制御不能に陥った旅客機は奇跡的な不時着に成功、乗員乗客102人中96人が生還する。犠牲者を最小限に抑えたパイロット、ウィップ・ウィトカーの“偉業”はメディアで賞賛されるが、事故後の検査の結果、彼の血液中からアルコールが検出されたことが判明。事態は急変する。彼は英雄なのか、それとも6人の尊い命を奪った過失致死犯なのか。
急降下する機体を背面飛行させた後、着陸に持ち込む。そんな離れ業をやってのけるウィトカーの人となりは冒頭で明らかになる。
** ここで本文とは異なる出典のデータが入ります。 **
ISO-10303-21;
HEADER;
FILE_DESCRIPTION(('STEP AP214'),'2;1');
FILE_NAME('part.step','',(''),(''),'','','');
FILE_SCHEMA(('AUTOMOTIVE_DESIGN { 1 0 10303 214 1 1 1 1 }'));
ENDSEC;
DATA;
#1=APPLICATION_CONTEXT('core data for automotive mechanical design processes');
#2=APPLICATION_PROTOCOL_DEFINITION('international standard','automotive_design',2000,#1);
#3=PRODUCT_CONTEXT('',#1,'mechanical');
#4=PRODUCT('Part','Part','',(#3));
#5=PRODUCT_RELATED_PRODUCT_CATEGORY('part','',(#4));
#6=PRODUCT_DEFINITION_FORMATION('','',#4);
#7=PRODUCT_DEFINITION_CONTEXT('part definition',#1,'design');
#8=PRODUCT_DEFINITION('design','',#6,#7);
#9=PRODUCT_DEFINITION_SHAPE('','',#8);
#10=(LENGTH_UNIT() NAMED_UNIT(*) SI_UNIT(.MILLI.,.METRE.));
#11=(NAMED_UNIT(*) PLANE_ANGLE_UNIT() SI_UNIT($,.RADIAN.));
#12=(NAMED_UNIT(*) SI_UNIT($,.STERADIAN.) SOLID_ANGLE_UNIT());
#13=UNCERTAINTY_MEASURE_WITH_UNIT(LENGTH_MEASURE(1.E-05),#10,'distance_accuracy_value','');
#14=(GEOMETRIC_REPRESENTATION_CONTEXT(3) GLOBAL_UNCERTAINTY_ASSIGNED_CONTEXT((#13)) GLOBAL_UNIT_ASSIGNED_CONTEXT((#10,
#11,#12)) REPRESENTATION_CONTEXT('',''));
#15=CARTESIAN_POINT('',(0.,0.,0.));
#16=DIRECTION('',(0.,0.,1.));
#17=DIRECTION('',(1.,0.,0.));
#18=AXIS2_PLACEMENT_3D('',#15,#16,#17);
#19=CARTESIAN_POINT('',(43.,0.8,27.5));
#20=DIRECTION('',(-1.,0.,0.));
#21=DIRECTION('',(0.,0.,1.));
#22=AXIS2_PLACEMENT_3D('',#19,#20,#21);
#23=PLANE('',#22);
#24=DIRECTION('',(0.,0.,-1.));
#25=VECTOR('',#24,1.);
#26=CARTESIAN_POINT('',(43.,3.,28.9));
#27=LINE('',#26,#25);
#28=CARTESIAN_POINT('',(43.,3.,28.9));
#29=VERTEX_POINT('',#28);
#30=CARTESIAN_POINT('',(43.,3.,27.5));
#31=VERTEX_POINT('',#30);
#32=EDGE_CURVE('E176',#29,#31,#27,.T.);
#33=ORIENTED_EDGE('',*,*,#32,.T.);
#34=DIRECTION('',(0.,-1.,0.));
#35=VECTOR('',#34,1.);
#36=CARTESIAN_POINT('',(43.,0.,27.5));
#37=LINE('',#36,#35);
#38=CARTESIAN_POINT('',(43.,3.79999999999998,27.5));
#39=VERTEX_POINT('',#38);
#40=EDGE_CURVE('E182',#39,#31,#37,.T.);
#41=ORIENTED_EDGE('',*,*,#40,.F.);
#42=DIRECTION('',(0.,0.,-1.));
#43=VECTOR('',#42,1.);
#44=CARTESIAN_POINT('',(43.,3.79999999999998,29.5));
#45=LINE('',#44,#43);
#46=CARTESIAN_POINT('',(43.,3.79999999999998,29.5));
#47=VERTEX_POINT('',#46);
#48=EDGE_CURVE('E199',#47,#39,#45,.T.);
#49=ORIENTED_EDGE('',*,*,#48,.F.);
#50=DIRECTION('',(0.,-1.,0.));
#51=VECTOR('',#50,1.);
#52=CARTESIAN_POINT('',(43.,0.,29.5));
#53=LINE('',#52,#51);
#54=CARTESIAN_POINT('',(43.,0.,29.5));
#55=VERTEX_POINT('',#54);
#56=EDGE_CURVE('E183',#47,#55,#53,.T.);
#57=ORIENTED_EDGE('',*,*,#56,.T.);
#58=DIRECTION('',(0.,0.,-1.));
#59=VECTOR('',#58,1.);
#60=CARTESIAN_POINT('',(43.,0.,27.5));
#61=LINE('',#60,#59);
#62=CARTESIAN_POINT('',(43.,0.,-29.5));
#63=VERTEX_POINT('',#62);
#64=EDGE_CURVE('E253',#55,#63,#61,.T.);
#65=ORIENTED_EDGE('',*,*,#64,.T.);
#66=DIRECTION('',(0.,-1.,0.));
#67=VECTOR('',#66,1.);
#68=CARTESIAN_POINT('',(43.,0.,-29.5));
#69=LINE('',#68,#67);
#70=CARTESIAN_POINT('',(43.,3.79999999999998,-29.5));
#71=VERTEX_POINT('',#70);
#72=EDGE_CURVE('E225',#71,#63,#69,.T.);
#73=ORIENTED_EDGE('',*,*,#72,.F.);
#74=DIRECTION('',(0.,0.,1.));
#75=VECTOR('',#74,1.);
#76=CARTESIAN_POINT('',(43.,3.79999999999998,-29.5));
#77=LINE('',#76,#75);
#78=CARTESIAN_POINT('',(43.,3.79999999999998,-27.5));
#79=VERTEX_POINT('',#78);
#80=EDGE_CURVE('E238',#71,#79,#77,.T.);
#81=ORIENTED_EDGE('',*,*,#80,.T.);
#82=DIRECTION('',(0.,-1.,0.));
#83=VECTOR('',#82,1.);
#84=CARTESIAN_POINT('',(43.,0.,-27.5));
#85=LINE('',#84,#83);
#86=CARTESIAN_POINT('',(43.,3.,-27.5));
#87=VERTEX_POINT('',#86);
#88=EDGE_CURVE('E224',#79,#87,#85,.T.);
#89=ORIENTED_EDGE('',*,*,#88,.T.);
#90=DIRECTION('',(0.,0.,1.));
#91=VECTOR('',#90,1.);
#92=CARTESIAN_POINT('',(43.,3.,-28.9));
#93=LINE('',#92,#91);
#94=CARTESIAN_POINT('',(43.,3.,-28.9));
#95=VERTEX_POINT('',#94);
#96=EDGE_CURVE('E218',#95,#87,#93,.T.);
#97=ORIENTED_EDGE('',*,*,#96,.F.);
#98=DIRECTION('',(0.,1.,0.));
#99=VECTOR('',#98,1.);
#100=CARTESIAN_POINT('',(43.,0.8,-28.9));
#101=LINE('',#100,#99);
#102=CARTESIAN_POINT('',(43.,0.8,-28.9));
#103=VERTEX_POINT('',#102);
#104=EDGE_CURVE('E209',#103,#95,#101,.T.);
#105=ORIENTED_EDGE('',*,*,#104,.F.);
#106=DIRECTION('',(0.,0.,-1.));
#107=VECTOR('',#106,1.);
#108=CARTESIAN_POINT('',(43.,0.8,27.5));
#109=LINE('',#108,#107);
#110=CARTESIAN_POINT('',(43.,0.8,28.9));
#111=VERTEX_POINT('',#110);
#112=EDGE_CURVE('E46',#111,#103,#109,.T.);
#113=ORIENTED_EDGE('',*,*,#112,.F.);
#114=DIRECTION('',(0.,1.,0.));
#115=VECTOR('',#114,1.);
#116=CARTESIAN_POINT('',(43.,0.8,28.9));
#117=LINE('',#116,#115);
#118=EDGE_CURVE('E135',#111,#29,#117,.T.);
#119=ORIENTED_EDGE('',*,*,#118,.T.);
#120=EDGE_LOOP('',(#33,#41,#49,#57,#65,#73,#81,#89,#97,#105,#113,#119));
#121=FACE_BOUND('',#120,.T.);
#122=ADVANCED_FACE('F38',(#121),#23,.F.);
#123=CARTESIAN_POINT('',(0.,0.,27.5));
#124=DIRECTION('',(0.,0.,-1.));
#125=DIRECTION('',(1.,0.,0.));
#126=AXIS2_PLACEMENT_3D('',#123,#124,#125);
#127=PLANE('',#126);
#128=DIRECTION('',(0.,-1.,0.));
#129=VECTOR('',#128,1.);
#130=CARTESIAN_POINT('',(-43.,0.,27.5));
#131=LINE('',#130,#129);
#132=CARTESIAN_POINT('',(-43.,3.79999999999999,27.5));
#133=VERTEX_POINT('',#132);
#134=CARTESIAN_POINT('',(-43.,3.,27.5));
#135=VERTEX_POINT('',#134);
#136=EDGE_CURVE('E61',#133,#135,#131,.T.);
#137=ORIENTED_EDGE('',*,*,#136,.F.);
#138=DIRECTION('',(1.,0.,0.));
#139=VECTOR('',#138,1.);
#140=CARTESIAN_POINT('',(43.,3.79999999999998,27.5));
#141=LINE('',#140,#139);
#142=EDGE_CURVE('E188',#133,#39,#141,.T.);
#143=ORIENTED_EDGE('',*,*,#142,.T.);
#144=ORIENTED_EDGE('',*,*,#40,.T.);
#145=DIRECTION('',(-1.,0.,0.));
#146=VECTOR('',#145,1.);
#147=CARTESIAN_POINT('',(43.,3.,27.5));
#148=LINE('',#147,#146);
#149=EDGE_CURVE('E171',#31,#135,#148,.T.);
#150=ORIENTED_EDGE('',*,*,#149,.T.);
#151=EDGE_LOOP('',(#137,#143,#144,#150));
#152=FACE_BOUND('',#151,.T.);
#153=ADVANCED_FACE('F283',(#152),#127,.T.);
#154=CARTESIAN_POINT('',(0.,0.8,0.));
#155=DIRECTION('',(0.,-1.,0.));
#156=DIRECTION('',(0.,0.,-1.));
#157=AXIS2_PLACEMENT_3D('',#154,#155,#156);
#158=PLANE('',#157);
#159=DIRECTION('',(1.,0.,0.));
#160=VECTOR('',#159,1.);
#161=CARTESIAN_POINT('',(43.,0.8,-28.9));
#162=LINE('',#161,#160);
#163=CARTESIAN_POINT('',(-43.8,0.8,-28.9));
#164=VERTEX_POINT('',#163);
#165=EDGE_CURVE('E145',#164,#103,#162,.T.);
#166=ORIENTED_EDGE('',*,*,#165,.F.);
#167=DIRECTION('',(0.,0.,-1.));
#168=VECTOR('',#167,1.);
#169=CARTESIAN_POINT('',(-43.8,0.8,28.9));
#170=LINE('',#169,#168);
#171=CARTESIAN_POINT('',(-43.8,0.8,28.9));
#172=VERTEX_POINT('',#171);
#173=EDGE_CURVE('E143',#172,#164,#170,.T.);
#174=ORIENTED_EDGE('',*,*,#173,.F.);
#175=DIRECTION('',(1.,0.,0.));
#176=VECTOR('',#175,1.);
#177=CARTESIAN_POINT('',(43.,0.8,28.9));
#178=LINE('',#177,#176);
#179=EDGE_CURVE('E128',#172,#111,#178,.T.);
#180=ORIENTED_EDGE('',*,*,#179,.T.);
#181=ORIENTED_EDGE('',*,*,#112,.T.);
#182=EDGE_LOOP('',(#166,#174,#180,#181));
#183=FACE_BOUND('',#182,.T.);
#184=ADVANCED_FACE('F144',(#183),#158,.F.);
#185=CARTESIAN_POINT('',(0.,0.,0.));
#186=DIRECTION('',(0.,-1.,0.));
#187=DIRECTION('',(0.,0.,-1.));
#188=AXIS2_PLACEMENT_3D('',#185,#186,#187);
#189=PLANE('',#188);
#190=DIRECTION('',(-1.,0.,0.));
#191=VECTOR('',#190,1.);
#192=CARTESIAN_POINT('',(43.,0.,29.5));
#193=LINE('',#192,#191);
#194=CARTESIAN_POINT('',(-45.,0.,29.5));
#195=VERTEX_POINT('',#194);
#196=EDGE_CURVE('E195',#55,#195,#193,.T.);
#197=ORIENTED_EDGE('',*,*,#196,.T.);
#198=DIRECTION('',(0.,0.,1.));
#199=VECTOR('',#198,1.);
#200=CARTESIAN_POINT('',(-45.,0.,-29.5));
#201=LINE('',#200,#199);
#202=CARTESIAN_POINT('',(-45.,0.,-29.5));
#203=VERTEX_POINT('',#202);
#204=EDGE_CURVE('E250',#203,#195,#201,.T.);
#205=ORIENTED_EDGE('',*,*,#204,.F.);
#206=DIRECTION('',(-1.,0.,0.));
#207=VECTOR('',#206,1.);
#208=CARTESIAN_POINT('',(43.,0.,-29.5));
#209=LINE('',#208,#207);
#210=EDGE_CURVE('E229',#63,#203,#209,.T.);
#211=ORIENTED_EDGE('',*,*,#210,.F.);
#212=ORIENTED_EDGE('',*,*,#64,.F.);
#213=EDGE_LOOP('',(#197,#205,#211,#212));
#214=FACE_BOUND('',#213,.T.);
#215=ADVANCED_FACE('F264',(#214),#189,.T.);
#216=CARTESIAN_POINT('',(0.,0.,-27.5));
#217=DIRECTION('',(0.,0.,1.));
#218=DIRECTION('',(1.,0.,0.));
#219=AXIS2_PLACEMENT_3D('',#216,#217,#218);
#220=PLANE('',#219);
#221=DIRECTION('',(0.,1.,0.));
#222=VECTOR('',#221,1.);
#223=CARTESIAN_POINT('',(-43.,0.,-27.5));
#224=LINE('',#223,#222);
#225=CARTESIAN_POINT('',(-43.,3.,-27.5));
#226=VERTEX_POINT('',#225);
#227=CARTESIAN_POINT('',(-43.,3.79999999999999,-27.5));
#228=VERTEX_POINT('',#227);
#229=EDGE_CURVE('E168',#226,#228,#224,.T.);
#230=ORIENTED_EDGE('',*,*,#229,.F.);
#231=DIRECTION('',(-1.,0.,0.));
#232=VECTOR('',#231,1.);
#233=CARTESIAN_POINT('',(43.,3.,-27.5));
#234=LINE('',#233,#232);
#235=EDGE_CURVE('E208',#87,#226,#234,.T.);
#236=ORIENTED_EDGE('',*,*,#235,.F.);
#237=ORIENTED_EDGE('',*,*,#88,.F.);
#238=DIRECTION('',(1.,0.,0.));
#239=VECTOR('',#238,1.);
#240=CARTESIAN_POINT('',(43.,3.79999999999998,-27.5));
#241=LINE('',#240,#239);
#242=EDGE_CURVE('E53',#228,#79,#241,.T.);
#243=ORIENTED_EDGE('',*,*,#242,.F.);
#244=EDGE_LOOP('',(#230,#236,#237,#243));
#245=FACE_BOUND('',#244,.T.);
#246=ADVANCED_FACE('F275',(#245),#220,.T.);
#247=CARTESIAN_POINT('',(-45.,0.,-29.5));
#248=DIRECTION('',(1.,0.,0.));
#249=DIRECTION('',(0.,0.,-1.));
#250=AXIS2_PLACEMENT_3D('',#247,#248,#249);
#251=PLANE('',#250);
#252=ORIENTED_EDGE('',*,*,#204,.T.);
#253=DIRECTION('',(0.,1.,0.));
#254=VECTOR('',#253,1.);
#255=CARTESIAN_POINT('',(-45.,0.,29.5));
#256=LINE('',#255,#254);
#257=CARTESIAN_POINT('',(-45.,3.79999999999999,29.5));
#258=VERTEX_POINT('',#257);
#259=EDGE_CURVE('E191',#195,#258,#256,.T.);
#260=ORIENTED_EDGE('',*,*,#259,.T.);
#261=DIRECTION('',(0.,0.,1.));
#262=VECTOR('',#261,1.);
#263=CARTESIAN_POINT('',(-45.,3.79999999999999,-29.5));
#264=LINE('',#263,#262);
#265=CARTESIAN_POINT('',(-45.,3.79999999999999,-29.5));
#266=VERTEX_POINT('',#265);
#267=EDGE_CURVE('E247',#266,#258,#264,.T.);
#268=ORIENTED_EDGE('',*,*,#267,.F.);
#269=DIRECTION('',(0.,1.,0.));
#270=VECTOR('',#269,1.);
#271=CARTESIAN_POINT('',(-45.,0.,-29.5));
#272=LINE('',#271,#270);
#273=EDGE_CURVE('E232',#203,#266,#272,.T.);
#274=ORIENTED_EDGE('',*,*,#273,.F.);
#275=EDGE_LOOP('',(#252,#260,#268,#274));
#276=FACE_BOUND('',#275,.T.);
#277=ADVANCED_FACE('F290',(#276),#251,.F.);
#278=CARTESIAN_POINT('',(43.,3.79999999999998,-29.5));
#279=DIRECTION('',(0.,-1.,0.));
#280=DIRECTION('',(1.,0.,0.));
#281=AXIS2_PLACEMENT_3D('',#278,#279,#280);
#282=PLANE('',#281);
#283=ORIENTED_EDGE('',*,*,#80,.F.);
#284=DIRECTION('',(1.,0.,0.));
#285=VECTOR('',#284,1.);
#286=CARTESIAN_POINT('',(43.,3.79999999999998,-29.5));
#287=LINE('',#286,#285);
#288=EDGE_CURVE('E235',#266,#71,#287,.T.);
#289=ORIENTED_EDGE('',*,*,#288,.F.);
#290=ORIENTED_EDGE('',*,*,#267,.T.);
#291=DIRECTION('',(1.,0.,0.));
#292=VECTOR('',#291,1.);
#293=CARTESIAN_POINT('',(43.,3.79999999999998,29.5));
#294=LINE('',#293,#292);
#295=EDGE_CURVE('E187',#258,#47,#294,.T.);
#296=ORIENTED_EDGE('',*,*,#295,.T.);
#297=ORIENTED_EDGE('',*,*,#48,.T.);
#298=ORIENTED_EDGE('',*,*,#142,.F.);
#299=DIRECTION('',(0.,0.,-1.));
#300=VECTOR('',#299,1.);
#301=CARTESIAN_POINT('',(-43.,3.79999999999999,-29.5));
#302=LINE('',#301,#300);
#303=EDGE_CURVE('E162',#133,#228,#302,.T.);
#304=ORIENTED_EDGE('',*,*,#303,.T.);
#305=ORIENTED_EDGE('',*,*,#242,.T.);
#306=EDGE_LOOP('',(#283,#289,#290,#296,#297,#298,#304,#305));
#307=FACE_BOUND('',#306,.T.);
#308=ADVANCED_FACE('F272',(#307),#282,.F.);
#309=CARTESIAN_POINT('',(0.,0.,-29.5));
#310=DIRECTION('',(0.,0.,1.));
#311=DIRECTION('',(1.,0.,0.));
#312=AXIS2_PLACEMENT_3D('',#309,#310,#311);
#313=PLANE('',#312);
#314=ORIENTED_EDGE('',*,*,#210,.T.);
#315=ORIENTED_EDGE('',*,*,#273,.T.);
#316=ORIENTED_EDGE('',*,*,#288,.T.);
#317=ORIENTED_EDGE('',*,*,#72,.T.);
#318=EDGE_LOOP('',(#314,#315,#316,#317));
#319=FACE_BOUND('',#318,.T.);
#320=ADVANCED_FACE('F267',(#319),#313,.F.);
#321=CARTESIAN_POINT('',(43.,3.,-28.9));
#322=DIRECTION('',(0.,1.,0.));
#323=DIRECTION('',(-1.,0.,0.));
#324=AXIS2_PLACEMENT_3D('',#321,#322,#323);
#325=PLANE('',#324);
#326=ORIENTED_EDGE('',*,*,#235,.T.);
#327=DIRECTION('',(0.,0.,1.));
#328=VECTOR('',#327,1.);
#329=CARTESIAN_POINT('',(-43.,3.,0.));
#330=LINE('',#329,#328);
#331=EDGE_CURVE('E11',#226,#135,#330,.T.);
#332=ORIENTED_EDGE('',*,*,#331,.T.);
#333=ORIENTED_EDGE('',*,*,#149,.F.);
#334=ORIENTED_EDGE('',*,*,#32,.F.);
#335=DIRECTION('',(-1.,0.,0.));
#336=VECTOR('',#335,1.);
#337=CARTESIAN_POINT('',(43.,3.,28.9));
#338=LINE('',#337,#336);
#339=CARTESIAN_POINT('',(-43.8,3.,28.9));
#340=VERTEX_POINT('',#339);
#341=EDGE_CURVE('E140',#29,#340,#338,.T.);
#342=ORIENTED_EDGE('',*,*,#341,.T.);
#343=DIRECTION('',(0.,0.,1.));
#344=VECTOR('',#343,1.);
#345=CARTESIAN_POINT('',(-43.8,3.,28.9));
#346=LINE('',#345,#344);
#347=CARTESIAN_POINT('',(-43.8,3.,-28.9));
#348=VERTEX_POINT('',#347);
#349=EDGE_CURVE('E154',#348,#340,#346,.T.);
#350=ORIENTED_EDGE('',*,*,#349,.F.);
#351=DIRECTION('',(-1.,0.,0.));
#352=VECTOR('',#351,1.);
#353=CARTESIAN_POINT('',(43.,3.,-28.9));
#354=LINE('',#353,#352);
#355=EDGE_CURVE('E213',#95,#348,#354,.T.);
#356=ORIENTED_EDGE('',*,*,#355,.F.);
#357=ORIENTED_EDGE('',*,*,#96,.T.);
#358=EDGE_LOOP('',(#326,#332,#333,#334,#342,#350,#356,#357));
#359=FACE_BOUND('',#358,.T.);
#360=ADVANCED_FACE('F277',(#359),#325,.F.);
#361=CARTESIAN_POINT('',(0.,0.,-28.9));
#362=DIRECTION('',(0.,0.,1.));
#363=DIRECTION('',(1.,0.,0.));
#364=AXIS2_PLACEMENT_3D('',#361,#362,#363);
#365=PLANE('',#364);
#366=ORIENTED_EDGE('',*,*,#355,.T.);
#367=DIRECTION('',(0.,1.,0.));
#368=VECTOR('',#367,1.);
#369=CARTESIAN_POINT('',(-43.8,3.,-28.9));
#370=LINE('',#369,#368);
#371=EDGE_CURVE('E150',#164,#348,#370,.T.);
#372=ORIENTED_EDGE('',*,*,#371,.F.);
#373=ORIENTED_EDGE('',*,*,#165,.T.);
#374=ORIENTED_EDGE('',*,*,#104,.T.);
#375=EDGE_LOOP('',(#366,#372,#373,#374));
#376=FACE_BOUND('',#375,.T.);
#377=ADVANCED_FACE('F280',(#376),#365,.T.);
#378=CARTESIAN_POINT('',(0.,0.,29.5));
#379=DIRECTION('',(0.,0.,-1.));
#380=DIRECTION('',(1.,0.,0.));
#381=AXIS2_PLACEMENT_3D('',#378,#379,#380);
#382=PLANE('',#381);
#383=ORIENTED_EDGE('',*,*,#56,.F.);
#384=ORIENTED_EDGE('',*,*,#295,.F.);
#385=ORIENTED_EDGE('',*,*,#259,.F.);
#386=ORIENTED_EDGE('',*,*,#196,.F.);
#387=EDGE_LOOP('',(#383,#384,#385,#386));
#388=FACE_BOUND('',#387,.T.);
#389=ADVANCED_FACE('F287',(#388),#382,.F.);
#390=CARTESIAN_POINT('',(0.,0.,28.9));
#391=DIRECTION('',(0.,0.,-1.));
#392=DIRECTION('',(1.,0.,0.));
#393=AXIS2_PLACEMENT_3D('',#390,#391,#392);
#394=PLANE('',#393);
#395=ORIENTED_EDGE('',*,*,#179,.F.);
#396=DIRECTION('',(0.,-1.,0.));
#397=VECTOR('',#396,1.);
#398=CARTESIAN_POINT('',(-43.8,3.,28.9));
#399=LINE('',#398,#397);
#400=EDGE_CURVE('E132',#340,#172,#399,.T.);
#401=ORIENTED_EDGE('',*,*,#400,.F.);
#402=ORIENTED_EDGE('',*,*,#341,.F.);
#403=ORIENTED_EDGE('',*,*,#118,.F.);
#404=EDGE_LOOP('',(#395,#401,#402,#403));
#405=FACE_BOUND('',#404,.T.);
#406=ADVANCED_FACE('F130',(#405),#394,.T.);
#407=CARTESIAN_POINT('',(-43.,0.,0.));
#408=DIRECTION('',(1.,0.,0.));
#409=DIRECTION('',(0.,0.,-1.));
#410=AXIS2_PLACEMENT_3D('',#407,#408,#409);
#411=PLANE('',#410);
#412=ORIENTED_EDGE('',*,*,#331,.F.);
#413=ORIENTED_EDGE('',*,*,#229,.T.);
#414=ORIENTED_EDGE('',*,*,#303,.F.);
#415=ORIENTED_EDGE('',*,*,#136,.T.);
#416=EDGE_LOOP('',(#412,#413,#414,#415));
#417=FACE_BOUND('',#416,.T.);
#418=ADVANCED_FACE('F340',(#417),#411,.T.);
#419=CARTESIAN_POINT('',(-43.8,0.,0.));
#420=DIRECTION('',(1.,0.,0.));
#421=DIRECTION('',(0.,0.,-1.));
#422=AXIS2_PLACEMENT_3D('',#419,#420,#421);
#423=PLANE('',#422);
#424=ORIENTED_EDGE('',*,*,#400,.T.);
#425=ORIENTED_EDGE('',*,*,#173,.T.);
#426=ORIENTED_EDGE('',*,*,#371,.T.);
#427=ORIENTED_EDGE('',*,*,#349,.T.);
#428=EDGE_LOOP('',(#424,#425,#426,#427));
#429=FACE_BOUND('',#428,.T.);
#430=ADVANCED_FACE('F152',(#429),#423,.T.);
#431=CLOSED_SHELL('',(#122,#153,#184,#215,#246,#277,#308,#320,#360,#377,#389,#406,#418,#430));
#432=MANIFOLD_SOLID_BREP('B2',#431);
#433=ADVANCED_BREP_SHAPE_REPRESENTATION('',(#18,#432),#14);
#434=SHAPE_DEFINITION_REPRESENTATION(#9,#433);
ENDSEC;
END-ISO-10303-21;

出来る男であることは間違いない。だが、彼は善人ではないのか? でなければ、悪人なのか? 映画が終わる頃には、そのどちらかであることがはっきりするのだろうか?
映像は神の目のごとく、彼の表の顔も裏の顔も隠すことなくさらし続ける。離婚した妻や息子から疎まれ、入院中に知り合った若い女性との新生活にもすぐ暗雲が立ちこめ、ウィトカーの心は荒んでいく。一見頼もしい男が内に抱える脆さ、弱さが晒されて、ここまでショッキングに映るのは、それを演じるのがどう転んでも立派にしか映らない外見のデンゼルだからだ。
人の命を預かる任務につく男が、その重責と向き合ううちに、周囲のみならず自分自身をも顧みなくなる。他者へ向けた仮面を自分に対しても被り続ける。恐ろしいが、非常に納得のゆく現実的な設定だ。英雄視されるウィトカーも所詮、航空会社の駒の1つであり、過失を絶対に認めない組織の威信をかけた戦いに巻き込まれていく。だが、勝ったとして、その先に待ち構えているものは? 一体どんな決着となるのか、最後の最後までわからない。
善し悪しを別にして、心のうちに抱えた何かを墓場まで持っていくというのはどれだけ苦しいことだろう。この物語は、それができる人間の覚悟の凄まじさを想像させる。『リアル・スティール』を手がけたジョン・ゲイティンズの脚本を読んだデンゼルが「多くの点で共感できる」と語ったというのも興味深い。
監督は『フォレスト・ガンプ/一期一会』のロバート・ゼメキス。自身も飛行機を操縦するというが、緊迫したコックピット、パニック状態の客室の迫真の描写は見事の一言。スペクタクルと深い内省のドラマがこんなにも相性よく共存している奇跡。潤沢な製作費を無駄にしないエンターテインメントは、やはりこの人たちに任せて間違いなし。ハリウッド映画の底力を思い知った。(文:冨永由紀/映画ライター)
『フライト』は3月1日より丸の内ピカデリーほかにて全国公開中。